Asking questions the right way can change your mind-set. People shy away from answering questions that seem invasive, but if you set your mind on discovery rather than interrogation, you can frame your questions to be respectful and to build rapport.

The ancient Greek philosopher Socrates, for example, established his reputation by asking people direct questions. This technique elicited knowledge from them that they didn’t realize they had.

“Questions in our personal life shouldn’t be tools of interrogation, but rather tools of connection.”

A sound question yields both a factual response and psychological insight into the mind of the respondent. Ask questions that call for a narrative response rather than for a “yes” or “no.” Question starters, or “openers” – such as “Do you” and “Would you” – typically prompt a “yes” or “no,” so you should avoid them.

Using the correct interrogatives will help produce the answers you seek. The best interrogatives are the basics: “who, what, where, when and why.” Deviating from these classics may incline the person you’re asking to withhold information you want. Asking correctly phrased questions shows that you are unbiased and curious.

“Good questioning potentially helps human beings hone thought processes as well as learn practical skills and facts.”

Usually, you should ask only one question at a time. Journalists often embed additional questions within a question to demonstrate their knowledge of the subject. However, complicated questions seldom harvest straightforward answers.

The right questions usually require little setup. In some scenarios, though, you can make a question more effective if you supply additional information. Such “framing” sets the appropriate tone and provides the person you’re questioning with information that he or she needs to feel comfortable answering you. Frame carefully, however; framing should never push a person toward a particular answer.

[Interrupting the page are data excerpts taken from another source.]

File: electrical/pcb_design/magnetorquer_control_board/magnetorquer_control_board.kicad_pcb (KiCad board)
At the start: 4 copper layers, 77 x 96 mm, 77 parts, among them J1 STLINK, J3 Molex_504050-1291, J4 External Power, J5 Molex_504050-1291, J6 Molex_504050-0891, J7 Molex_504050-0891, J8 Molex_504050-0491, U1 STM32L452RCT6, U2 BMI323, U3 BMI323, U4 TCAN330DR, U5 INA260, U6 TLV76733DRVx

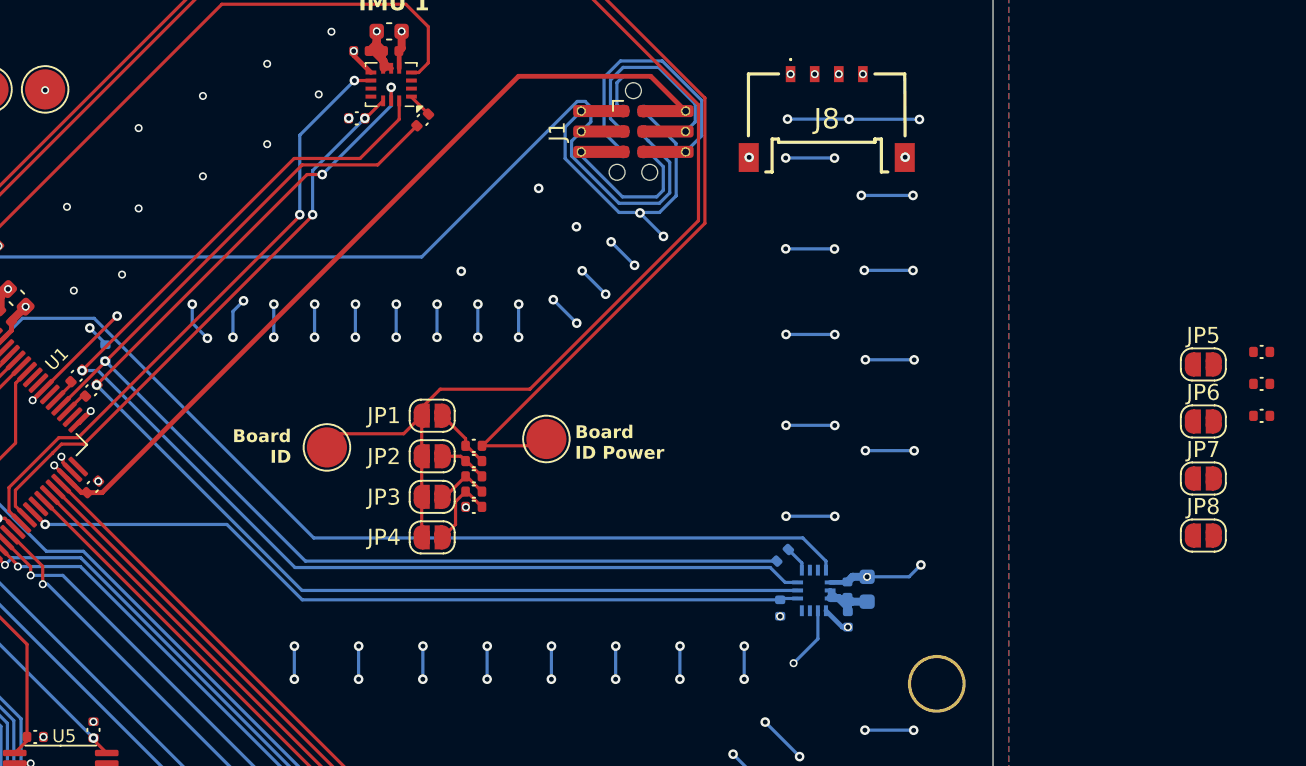
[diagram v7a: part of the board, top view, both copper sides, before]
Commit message: Laid out board id resistors and jumpers.
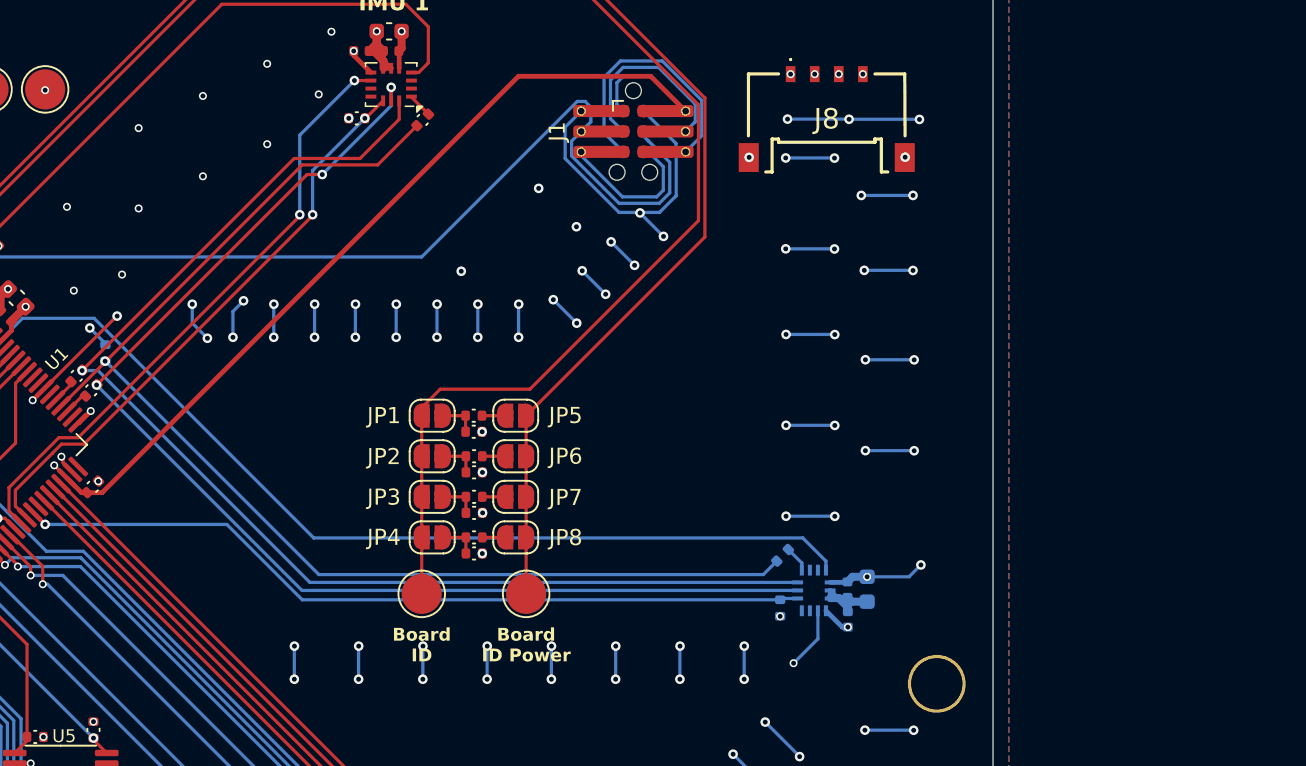
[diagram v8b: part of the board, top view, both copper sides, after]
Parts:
- moved R25 50.1 mm to (160.1, 90.0), turned to 180 degrees
- moved R24 50.0 mm to (160.1, 87.5), turned to 180 degrees
- moved R26 49.6 mm to (160.1, 89.0)
- moved JP5 42.9 mm to (162.7, 81.5), turned to 180 degrees
- moved JP6 42.9 mm to (162.7, 84.0), turned to 180 degrees
- moved JP7 42.8 mm to (162.7, 86.5), turned to 180 degrees
- moved JP8 42.8 mm to (162.7, 89.0), turned to 180 degrees
- moved TP8 10.9 mm to (156.9, 92.5)
- moved TP7 9.72 mm to (163.4, 92.5)
- moved R11 1.88 mm to (160.1, 81.5)
- moved R12 1.83 mm to (160.1, 82.5), turned to 0 degrees
- moved R13 1.25 mm to (160.1, 84.0)
- moved R14 1.20 mm to (160.1, 85.0), turned to 0 degrees
- moved R15 0.63 mm to (160.1, 86.5)
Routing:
- net BOARD_ID_PWR: track 113.7 -> 117.6 mm
- net BOARD_ID_SENS: track 121.7 -> 118.5 mm
- net Net-(JP4-B): track 4.79 -> 2.45 mm
- net Net-(JP5-B): track 0.00 -> 1.45 mm
- net Net-(JP8-B): track 0.00 -> 1.43 mm
- net Net-(JP7-B): track 0.00 -> 1.43 mm
- net Net-(JP6-B): track 0.00 -> 1.43 mm
- net Net-(JP1-B): track 3.81 -> 2.43 mm
- net Net-(JP3-B): track 3.15 -> 2.45 mm, vias 1 -> 0
- net SPI3_MISO: track 76.3 -> 77.0 mm
- net GND: vias 86 -> 90

“If you have a good question, you don’t have to do a lot of setup.”

Types of Questions

Good questions break into six categories:

  1. “Direct” – Try “a simple question” containing an interrogative, verb and pronoun.
  2. “Control” – Ask a question you can already answer to test your respondent’s trustworthiness and attention. Control questions help you learn a person’s normal verbal conduct.
  3. “Repeat” – Pose two different questions seeking the same information. These questions “cross-check” someone’s initial and later responses, but they can’t prove truthfulness.
  4. “Persistent” – Ask a question more than one way to explore the answer more fully. “What else?” is a particularly valuable question. It’s a handy default if you’ve gotten an answer to a previous question, but you think additional information remains unsaid.
  5. “Summary” – This question encourages the respondent to re-examine an earlier answer and helps you “read between the lines.” Summary questions establish you as genuinely interested in the information the question probes.
  6. “Non-pertinent” – Various goals, such as making the other person more comfortable, may impel you to ask a question that is unrelated to the topic at hand.

“Find out one thing at a time. The alternative is finding out a lot of information that you have to sort through in order to get the facts you really need.”

When questioners want to prove they know something about a topic, they’ll drop names, or refer to related but extraneous information. Usually, this shows that they don’t really know very much. Try to say less, and ask shorter questions. Eliminate unnecessary qualifiers and extra words. Many questioners fail because they don’t wait for answers. “Silence” is a good questioning strategy. Don’t answer a question for the other person; wait for the response.

“Bad Questions”

Depending on the context, even bad questions can prove valuable in eliciting information you want. These questions break down into four groups:

“You can’t be getting ready to ask your next question while someone is answering the current one.”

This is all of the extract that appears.